Tuesday, October 05, 2004

Lessons in caste

School children discriminate at meal-time

Instead of removing poverty and teaching social equality, mid-day meal schemes seem to have become a vehicle for discrimination and oppression negating the rationale for which they were started. Last month a principal and teacher of a school in Madhya Pradesh prevented their wards from eating mid-day meals cooked by a Dalit woman. A few days ago, upper castes students at a primary school near Lucknow refused to have a meal with their Dalit classmates. Other incidents go unreported. Prejudices are probably better camouflaged in urban areas, but in villages oppression takes on a cruder form, with caste often acting as the trigger.

It is bad enough that adults discriminate along caste lines but it is shocking when the perpetrators are primary school children. These tender young minds are not born with caste distinctions, and yet thanks to the society they live in they pick up prejudices very quickly. What does this say about the values our system teaches?

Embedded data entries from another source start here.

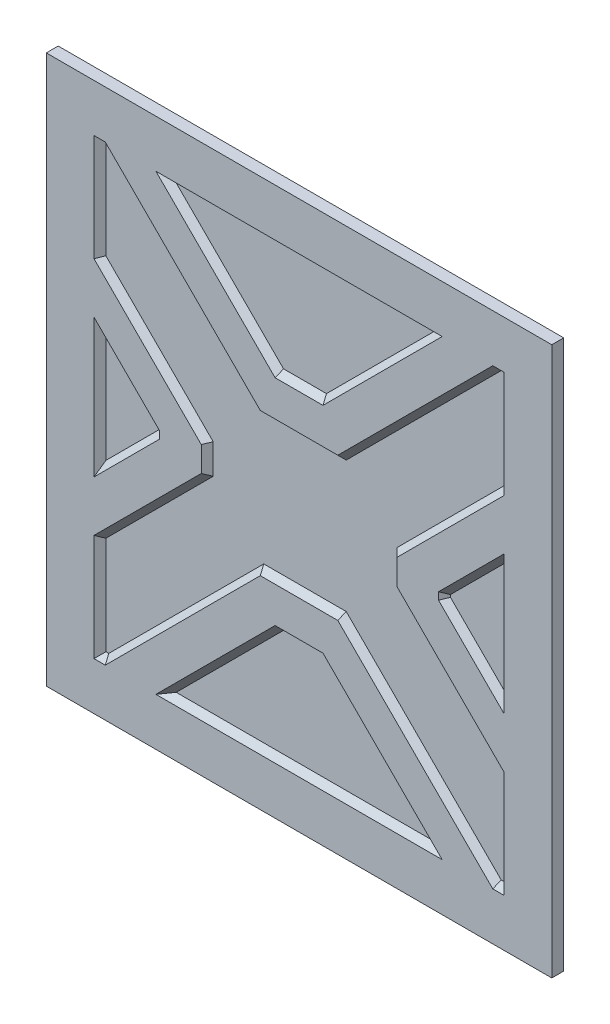
from build123d import *

# Parameters (mm, degrees)
ESQUISSE1_W             = 424
ESQUISSE1_H             = 460
BOSS_EXTRU_1_DEPTH      = 10
ENL_V_MAT_EXTRU_1_DEPTH = 5
CHANFREIN1_SIZE         = 5


with BuildPart() as part:
    # Esquisse1 → Boss.-Extru.1 (new body)
    with BuildSketch(Plane.XY):
        with Locations((212, 230)):
            Rectangle(ESQUISSE1_W, ESQUISSE1_H)
    extrude(amount=BOSS_EXTRU_1_DEPTH)

    # Esquisse2 → Enlèv. mat.-Extru.1 (cut)
    with BuildSketch(Plane.XY.offset(10)):
        Polygon((95, 226.923881554), (95, 233.076118446), (40, 288.076118446), (40, 171.923881554), align=None)
        Polygon((191.923881554, 320), (232.076118446, 320), (332.076118446, 420), (91.923881554, 420), align=None)
        Polygon((40, 420), (40, 330.502525317), (130, 240.502525317), (130, 219.497474683), (40, 129.497474683), (40, 40), (49.497474683, 40), (179.497474683, 170), (244.502525317, 170), (374.502525317, 40), (384, 40), (384, 129.497474683), (294, 219.497474683), (294, 240.502525317), (384, 330.502525317), (384, 420), (374.502525317, 420), (244.502525317, 290), (179.497474683, 290), (49.497474683, 420), align=None)
        Polygon((329, 226.923881554), (329, 233.076118446), (384, 288.076118446), (384, 171.923881554), align=None)
        Polygon((332.076118446, 40), (91.923881554, 40), (191.923881554, 140), (232.076118446, 140), align=None)
    extrude(amount=-ENL_V_MAT_EXTRU_1_DEPTH, mode=Mode.SUBTRACT)

    # Chanfrein1
    chanfrein1_edges = [part.edges().sort_by_distance(p)[0] for p in [
        (212, 40, 5),
        (141.923881554, 90, 5),
        (212, 140, 5),
        (282.076118446, 90, 5),
        (40, 230, 5),
        (67.5, 260.576118446, 5),
        (95, 230, 5),
        (67.5, 199.423881554, 5),
        (384, 230, 5),
        (356.5, 199.423881554, 5),
        (329, 230, 5),
        (356.5, 260.576118446, 5),
        (114.497474683, 355, 5),
        (212, 290, 5),
        (309.502525317, 355, 5),
        (379.251262658, 420, 5),
        (384, 375.251262658, 5),
        (339, 285.502525317, 5),
        (294, 230, 5),
        (339, 174.497474683, 5),
        (384, 84.748737342, 5),
        (379.251262658, 40, 5),
        (309.502525317, 105, 5),
        (212, 170, 5),
        (114.497474683, 105, 5),
        (44.748737342, 40, 5),
        (40, 84.748737342, 5),
        (85, 174.497474683, 5),
        (130, 230, 5),
        (85, 285.502525317, 5),
        (40, 375.251262658, 5),
        (44.748737342, 420, 5),
        (212, 420, 5),
        (282.076118446, 370, 5),
        (212, 320, 5),
        (141.923881554, 370, 5),
    ]]
    chamfer(chanfrein1_edges, length=CHANFREIN1_SIZE - 0.0001)  # a hair under: the kernel refuses the full size


solid = part.part

More than 50 years after the Directive Principles of State Policy were drafted, such instances as have recently been reported show how abjectly we have failed and how deep-rooted the caste system actually is. No amount of quotas and job reservations will help unless there is social awareness and a change in attitude towards caste demarcations. The first lessons in inculcating awareness must be taught by parents at home and by teachers at schools. But if they are the ones who persist in perpetuating prejudices and preaching discrimination, it is only natural that their children will imbibe these values and grow up bigoted. A conscious effort is needed to break this cycle. It isn’t just the state’s responsibility; every person needs to be involved. Only then can we call ourselves a civilised society.